A nuclear reactor is a facility that produces electricity by turning turbines with steam that is produced by boiling water with radioactive material. The radioactive material is usually uranium-235, consisting of small ceramic pellets encased in a metal rod. The chemical reaction that produces radiation occurs when a neutron strikes an atom of uranium, turning it into U-236 and causing it to split into two different atoms and expel neutrons. The ongoing splitting of atoms is called fission.
Despite common fears, a nuclear reactor cannot explode in the same manner as a nuclear bomb because the chain reaction is controlled with rods that absorb neutrons. A nuclear bomb is the result of an uncontrolled chain reaction. Also, the fissile material in a reactor is different from a thermonuclear bomb. Nuclear reactors operate under stringent safety guidelines.
Two types of fission reactors exist: boiling water reactors and pressurized water reactors. Both have the same function, but BWRs make use of steam from the reactor core to turn generator turbines directly.

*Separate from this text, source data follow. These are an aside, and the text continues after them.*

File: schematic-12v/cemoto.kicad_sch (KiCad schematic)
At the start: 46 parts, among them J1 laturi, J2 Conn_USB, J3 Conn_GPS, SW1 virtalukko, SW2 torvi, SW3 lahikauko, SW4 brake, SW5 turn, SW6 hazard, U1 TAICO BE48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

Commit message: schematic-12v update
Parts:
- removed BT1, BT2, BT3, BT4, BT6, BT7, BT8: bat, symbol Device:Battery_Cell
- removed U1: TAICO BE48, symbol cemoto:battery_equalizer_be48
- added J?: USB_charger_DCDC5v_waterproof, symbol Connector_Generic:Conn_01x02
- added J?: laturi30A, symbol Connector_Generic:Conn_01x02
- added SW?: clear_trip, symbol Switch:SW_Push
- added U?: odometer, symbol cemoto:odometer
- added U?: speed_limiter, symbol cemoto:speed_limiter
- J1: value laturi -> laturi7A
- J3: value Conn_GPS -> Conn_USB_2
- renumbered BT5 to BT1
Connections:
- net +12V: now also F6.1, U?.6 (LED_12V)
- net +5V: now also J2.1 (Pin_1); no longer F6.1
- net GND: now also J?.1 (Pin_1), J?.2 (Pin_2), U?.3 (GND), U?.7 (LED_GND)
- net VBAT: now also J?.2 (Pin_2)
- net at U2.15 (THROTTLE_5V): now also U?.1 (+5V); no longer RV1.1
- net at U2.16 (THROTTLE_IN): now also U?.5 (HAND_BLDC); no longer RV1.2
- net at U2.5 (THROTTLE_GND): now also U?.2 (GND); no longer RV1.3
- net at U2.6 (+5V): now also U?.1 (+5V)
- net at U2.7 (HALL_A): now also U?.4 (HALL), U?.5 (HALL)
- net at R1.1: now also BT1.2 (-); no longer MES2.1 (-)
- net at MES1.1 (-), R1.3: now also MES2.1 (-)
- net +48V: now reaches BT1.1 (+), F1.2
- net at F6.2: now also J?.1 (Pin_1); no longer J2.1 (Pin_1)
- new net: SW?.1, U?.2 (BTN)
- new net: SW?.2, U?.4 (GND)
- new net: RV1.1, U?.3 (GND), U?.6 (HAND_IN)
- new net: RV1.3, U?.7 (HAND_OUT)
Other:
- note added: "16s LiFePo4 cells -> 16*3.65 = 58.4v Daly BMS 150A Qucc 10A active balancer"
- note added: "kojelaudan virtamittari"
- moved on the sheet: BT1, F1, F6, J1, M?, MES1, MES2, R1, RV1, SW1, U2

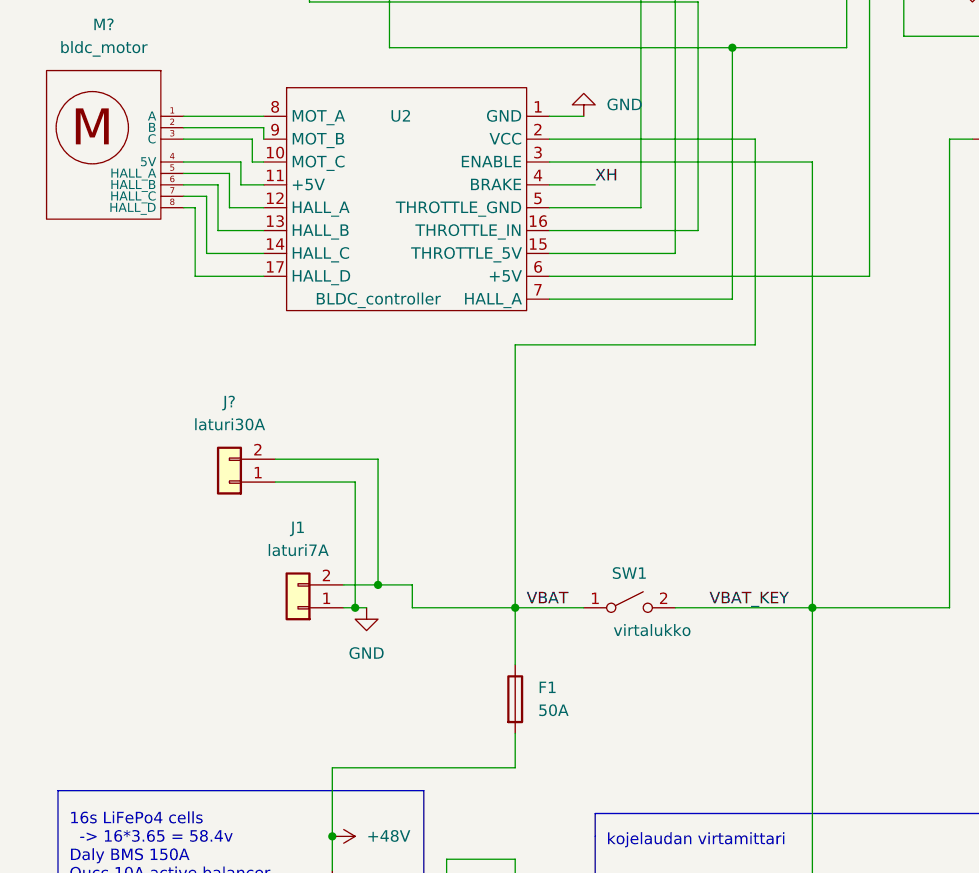
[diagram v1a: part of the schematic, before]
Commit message: update kicad version, add charger relay
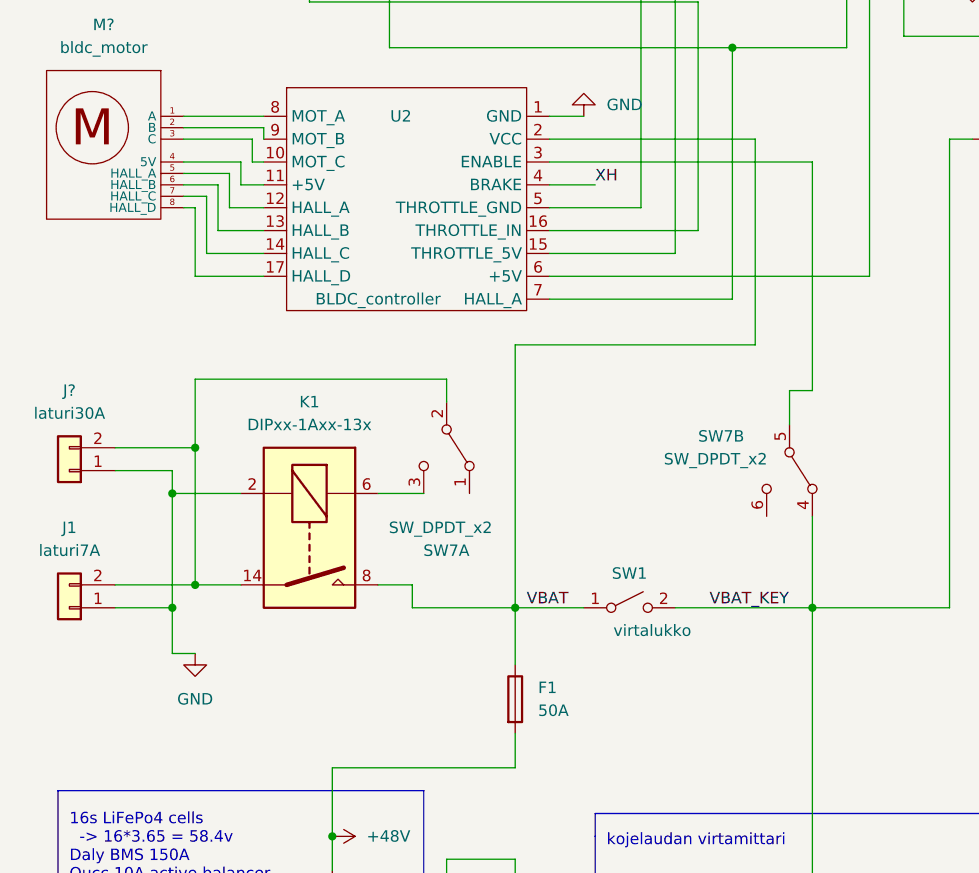
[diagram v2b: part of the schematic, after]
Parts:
- added K1: DIPxx-1Axx-13x, Relay_THT:Relay_StandexMeder_DIP_LowProfile, symbol Relay:DIPxx-1Axx-13x
- added SW7: SW_DPDT_x2, symbol Switch:SW_DPDT_x2
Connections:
- net GND: now also K1.2
- net VBAT: now also K1.8; no longer J1.2 (Pin_2), J?.2 (Pin_2)
- net VBAT_KEY: now also SW7.4 (A); no longer U2.3 (ENABLE)
- new net: SW7.5 (B), U2.3 (ENABLE)
- new net: J1.2 (Pin_2), J?.2 (Pin_2), K1.14, SW7.2 (B)
- new net: K1.6, SW7.3 (C)
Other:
- moved on the sheet: J1, J?

PWRs include two separate closed water systems. The primary one is pressurized to prevent boiling, and the heat transfers to the other one, which boils and powers the turbine.
One goal of the nuclear science community is to devise a fusion reactor, or a reactor that produces its radiation through fusion, a more powerful process seen in stars. However, nuclear fusion requires
enormous amounts of heat that make it cost-prohibitive to attempt.